_WORK INSTRUCTIONS_. For this exercise, reproduce the entries below exactly, but only from the line containing "semilogy(t, rad2deg(phi_real), 'b')" through the line containing "settings RTWCC: TargetLang=C++", both included.
____________
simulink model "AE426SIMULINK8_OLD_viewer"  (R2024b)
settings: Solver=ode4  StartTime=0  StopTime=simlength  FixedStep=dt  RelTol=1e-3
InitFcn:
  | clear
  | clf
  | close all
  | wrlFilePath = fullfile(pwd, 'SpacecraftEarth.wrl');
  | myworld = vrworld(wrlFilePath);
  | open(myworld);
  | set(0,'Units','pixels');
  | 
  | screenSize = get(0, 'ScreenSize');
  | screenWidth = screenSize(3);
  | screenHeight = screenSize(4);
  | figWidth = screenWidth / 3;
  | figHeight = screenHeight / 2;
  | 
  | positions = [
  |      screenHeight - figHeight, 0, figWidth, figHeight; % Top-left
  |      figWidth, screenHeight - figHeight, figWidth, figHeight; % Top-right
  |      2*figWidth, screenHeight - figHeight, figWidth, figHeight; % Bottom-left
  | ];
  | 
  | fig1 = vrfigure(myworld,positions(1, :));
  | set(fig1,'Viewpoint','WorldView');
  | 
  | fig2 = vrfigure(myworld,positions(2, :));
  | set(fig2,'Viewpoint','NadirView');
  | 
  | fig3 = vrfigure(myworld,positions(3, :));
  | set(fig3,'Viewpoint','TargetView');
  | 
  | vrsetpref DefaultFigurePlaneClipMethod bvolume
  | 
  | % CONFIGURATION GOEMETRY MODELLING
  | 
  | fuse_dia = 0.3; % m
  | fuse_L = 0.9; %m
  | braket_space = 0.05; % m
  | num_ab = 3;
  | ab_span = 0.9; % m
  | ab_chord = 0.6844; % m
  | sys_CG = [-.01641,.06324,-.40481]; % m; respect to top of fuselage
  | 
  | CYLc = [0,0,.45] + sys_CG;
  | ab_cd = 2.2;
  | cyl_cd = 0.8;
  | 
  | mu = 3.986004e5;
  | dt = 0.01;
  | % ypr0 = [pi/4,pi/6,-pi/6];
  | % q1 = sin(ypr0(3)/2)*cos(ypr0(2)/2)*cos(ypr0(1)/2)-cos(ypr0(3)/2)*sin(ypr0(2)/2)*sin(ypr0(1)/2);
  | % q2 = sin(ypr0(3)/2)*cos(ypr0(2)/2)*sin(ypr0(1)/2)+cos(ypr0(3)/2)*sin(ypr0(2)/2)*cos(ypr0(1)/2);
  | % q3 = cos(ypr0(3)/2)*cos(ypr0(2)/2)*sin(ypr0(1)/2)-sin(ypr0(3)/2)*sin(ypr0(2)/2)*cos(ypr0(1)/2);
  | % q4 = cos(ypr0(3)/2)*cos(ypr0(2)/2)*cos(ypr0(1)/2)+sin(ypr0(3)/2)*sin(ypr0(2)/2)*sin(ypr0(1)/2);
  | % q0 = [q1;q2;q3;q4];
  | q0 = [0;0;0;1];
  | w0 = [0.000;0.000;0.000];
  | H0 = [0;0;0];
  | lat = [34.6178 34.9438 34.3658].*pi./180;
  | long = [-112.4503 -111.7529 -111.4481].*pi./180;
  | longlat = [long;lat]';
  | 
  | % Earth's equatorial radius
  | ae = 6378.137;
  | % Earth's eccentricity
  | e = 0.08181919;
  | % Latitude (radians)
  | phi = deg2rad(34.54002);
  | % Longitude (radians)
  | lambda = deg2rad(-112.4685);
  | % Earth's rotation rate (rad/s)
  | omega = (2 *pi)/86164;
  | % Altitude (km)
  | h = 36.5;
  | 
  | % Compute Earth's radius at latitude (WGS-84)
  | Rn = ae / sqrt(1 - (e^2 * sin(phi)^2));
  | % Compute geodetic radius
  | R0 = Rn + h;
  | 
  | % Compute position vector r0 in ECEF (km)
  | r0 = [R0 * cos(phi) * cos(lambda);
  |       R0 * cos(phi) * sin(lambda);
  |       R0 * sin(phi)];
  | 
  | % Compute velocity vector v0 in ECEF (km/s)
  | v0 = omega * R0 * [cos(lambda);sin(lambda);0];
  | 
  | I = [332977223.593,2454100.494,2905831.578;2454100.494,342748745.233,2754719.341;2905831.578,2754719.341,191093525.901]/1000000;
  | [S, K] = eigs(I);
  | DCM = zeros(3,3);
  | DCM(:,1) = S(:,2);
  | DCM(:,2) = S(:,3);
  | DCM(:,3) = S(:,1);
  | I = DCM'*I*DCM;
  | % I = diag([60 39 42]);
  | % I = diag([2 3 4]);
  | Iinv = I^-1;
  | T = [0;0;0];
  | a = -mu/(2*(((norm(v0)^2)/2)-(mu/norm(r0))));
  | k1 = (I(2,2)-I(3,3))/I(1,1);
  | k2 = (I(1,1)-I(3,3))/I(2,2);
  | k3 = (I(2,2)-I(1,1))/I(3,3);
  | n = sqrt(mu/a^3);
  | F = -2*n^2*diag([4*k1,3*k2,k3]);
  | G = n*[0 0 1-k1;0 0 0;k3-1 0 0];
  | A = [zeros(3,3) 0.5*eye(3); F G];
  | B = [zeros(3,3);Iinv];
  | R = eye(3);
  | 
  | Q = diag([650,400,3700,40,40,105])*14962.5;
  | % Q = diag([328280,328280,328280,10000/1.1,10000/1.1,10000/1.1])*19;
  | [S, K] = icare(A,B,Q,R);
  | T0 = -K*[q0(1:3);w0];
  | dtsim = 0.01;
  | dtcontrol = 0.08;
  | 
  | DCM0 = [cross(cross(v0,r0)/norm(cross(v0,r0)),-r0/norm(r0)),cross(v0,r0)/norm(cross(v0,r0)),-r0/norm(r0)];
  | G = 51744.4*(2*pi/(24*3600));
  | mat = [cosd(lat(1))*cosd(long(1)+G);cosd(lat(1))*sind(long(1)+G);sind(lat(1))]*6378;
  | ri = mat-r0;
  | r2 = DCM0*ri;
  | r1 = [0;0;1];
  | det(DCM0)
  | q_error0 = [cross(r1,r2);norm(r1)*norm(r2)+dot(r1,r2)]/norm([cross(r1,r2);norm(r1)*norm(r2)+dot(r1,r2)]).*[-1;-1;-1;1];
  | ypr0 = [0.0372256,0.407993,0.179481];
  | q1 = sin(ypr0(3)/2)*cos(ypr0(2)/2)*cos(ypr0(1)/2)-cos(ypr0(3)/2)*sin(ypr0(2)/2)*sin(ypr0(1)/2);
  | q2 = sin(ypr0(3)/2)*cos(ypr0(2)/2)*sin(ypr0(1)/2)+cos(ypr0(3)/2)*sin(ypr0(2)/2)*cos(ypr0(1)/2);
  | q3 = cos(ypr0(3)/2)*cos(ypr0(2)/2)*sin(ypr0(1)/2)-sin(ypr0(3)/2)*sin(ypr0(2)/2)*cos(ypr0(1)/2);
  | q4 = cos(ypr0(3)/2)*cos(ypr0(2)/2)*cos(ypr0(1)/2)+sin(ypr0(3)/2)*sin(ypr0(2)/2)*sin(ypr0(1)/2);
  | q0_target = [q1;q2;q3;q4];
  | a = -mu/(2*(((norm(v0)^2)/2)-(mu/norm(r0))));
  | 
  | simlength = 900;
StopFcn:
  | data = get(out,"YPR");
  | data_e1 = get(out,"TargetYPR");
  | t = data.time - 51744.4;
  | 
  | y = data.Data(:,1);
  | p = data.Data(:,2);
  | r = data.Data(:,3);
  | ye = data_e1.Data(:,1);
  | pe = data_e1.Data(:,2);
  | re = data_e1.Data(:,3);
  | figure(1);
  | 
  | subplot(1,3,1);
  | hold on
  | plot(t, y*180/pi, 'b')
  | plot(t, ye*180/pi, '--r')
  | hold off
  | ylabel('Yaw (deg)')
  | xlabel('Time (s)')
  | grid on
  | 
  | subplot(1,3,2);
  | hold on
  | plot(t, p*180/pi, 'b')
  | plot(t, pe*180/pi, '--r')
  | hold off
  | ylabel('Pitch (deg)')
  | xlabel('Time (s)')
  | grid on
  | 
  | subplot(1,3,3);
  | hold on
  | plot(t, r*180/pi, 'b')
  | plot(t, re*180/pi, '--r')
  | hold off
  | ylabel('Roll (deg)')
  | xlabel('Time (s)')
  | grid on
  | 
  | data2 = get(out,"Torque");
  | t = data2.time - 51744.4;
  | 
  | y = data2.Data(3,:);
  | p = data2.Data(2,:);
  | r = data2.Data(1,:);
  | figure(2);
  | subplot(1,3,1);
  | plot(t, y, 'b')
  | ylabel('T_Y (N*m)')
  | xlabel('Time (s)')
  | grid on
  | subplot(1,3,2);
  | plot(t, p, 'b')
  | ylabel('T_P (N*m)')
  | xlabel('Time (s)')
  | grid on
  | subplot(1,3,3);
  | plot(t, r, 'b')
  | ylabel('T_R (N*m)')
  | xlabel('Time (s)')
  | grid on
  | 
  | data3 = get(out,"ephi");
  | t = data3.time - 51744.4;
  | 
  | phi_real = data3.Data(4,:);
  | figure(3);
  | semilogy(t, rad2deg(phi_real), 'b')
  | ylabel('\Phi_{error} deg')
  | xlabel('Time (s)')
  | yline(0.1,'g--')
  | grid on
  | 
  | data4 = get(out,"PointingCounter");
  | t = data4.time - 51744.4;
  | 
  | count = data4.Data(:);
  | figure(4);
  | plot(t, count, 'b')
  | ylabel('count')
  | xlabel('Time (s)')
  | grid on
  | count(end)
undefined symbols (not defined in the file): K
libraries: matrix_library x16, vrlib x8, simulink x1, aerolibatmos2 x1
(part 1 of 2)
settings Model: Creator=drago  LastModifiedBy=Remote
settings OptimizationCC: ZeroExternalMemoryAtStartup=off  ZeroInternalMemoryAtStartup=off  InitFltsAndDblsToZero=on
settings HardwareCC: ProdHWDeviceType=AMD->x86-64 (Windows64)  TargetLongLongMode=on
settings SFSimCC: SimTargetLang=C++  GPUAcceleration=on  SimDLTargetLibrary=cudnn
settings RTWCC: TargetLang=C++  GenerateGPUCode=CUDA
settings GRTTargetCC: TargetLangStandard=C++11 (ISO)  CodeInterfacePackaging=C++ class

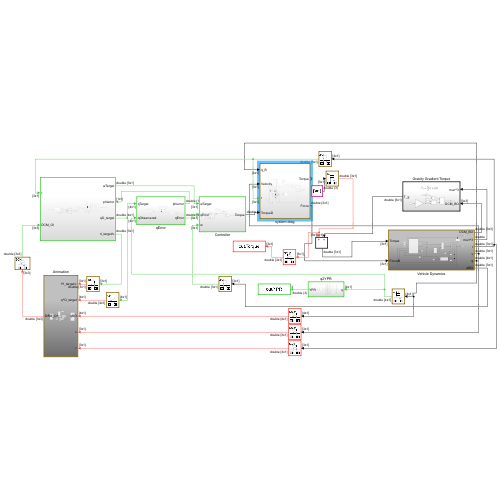
[thumbnail: Simulink's stored preview of the top-level diagram]
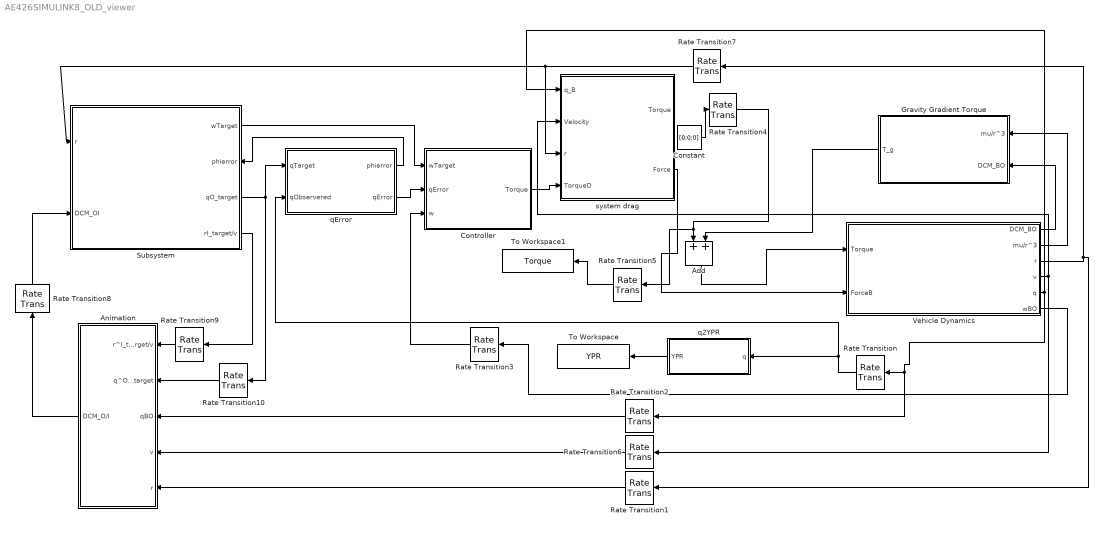
== system AE426SIMULINK8_OLD_viewer ==
  Add : Sum
  Animation : Subsystem
  Constant : Constant  Value=[0;0;0]
  Controller : Subsystem
  Gravity Gradient Torque : Subsystem
  Rate Transition : RateTransition  InitialCondition=q0  OutPortSampleTime=dtcontrol
  Rate Transition1 : RateTransition  InitialCondition=[r0]  OutPortSampleTime=dtsim
  Rate Transition10 : RateTransition  InitialCondition=[q0]  OutPortSampleTime=dtsim
  Rate Transition2 : RateTransition  InitialCondition=q0  OutPortSampleTime=dtsim
  Rate Transition3 : RateTransition  InitialCondition=w0  OutPortSampleTime=dtcontrol
  Rate Transition4 : RateTransition  InitialCondition=T0  OutPortSampleTime=dt
  Rate Transition5 : RateTransition  InitialCondition=T  OutPortSampleTime=dtsim
  Rate Transition6 : RateTransition  InitialCondition=v0  OutPortSampleTime=dtsim
  Rate Transition7 : RateTransition  InitialCondition=[r0]  OutPortSampleTime=dtcontrol
  Rate Transition8 : RateTransition  InitialCondition=DCM0  OutPortSampleTime=dtcontrol
  Rate Transition9 : RateTransition  InitialCondition=[r0]  OutPortSampleTime=dtsim
  Subsystem : Subsystem
      settings: PortSchema="{\"entries\":[{\"content\":{\"sides\":[{\"content\":{\"connectorIds\":[\"In1\",\"In2\"]},\"type\":\"ConnectorPlacement.EquallySpacedRectSide\",\"uuid\":\"eb34f21b-e31a-4200-812b-50e13d7d72f1\"},{\"content\":{\"connectorIds\":[\"Out1\",\"In3\",\"Out2\",\"Out3\"],\"side\":\"RIGHT\"},\"type\":\"ConnectorPlacement.EquallySpacedRectSide\",\"uuid\":\"5a72b94d-6a20-48fa-90ea-42fb9a854785\"},{\"content\":{\"side\":\"TOP\"},\"type\":\"ConnectorPlacement.EquallySpacedRectSide\",\"uuid\":\"4f71e4f3-f0b3-4857-98aa-78f562f7e65d\"}]},\"type\":\"ConnectorPlacement.EquallySpacedConnector\",\"uuid\":\"ddad14b8-823f-44c5-a015-750286b6acbe\"}],\"packageUris\":[\"http://schema.mathworks.com/mf0/Connector/R2020b\"],\"version\":\"1.0\"}"
  To Workspace : ToWorkspace  VariableName=YPR  SaveFormat=Timeseries  SampleTime=dtcontrol
  To Workspace1 : ToWorkspace  VariableName=Torque  SaveFormat=Timeseries  SampleTime=dtsim
  Vehicle Dynamics : Subsystem
  q2YPR : Subsystem
  qError : Subsystem
  system drag : Subsystem
  wires:
  Vehicle Dynamics/5(q) -> Rate Transition2/1, Rate Transition/1, system drag/1(q_B)
  Rate Transition/1 -> qError/2(qObservered), q2YPR/1(q)
  Vehicle Dynamics/3(r) -> Rate Transition1/1, Rate Transition7/1
  Rate Transition1/1 -> Animation/5(r)
  Vehicle Dynamics/2(mu/r^3) -> Gravity Gradient Torque/1(mu/r^3)
  Vehicle Dynamics/1(DCM_BO) -> Gravity Gradient Torque/2(DCM_BO)
  q2YPR/1(YPR) -> To Workspace/1
  Subsystem/2(qO_target) -> qError/1(qTarget), Rate Transition10/1
  Vehicle Dynamics/6(wBO) -> Rate Transition3/1
  Rate Transition3/1 -> Controller/3(w)
  qError/2(qError) -> Controller/2(qError)
  Gravity Gradient Torque/1(T_g) -> Add/2
  Add/1 -> Vehicle Dynamics/1(Torque)
  Rate Transition5/1 -> To Workspace1/1
  Vehicle Dynamics/4(v) -> system drag/2(Velocity), Rate Transition6/1
  Rate Transition6/1 -> Animation/4(v)
  Animation/1(DCM_O/I) -> Rate Transition8/1
  Rate Transition8/1 -> Subsystem/2(DCM_OI)
  Rate Transition9/1 -> Animation/1(r^I_target/v)
  Subsystem/3(rI_target/v) -> Rate Transition9/1
  Rate Transition10/1 -> Animation/2(q^O_target)
  Rate Transition2/1 -> Animation/3(qBO)
  Subsystem/1(wTarget) -> Controller/1(wTarget)
  Rate Transition7/1 -> system drag/3(r), Subsystem/1(r)
  qError/1(phierror) -> Subsystem/3(phierror)
  Rate Transition4/1 -> Rate Transition5/1, Add/1
  system drag/2(Force) -> Vehicle Dynamics/2(ForceB)
  Controller/1(Torque) -> system drag/4(TorqueD)
  Constant/1 -> Rate Transition4/1

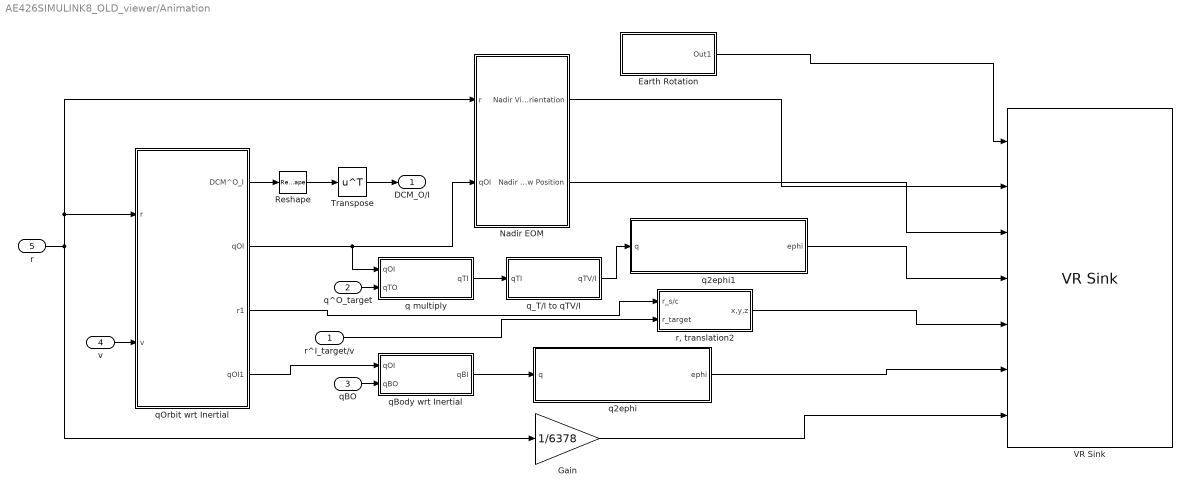
== system AE426SIMULINK8_OLD_viewer/Animation ==
  r^I_target/v : Inport
  q^O_target : Inport  Port=2
  qBO : Inport  Port=3
  v : Inport  Port=4
  r : Inport  Port=5
  Earth Rotation : Subsystem
  Gain : Gain  Gain=1/6378
  Nadir EOM : Subsystem
  Reshape : Reshape  OutputDimensionality=Customize  OutputDimensions=[3,3]
  Transpose : Math  Operator=transpose
  VR Sink : vrlib/VR Sink  InstantiateOnLoad=on  SampleTime=0.1  ViewEnable=on  RemoteChange=off  RemoteView=off  FieldsWritten=Earth.rotation.4.1.1.double#NadirView.orientation.4.1.1.double#NadirView.position.3.1.1.double#TargetView.orientation.4.1.1.double#TargetView.position.3.1.1.double#Spacecraft.rotation.4.1.1.double#Spacecraft.translation.3.1.1.double  WorldFileName=SpacecraftEarth.wrl  WorldDescription=The Earth - Low Resolution Model  AutoView=off  VideoDimensions=[]  AllowVariableSize=off
  q multiply : Subsystem
  q2ephi : Subsystem
  q2ephi1 : Subsystem
  qBody wrt Inertial : Subsystem
  qOrbit wrt Inertial : Subsystem
  q_T/I to qTV/I : Subsystem
  "r, translation2" : Subsystem
  DCM_O/I : Outport
  wires:
  v/1 -> qOrbit wrt Inertial/2(v)
  r/1 -> qOrbit wrt Inertial/1(r), Nadir EOM/1(r), Gain/1
  qBody wrt Inertial/1(qBI) -> q2ephi/1(q)
  qBO/1 -> qBody wrt Inertial/2(qBO)
  qOrbit wrt Inertial/1(DCM^O_I) -> Reshape/1
  Reshape/1 -> Transpose/1
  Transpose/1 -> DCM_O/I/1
____________
_ANSWER SPACE_.
  | semilogy(t, rad2deg(phi_real), 'b')
  | ylabel('\Phi_{error} deg')
  | xlabel('Time (s)')
  | yline(0.1,'g--')
  | grid on
  | 
  | data4 = get(out,"PointingCounter");
  | t = data4.time - 51744.4;
  | 
  | count = data4.Data(:);
  | figure(4);
  | plot(t, count, 'b')
  | ylabel('count')
  | xlabel('Time (s)')
  | grid on
  | count(end)
undefined symbols (not defined in the file): K
libraries: matrix_library x16, vrlib x8, simulink x1, aerolibatmos2 x1
(part 1 of 2)
settings Model: Creator=drago  LastModifiedBy=Remote
settings OptimizationCC: ZeroExternalMemoryAtStartup=off  ZeroInternalMemoryAtStartup=off  InitFltsAndDblsToZero=on
settings HardwareCC: ProdHWDeviceType=AMD->x86-64 (Windows64)  TargetLongLongMode=on
settings SFSimCC: SimTargetLang=C++  GPUAcceleration=on  SimDLTargetLibrary=cudnn
settings RTWCC: TargetLang=C++  GenerateGPUCode=CUDA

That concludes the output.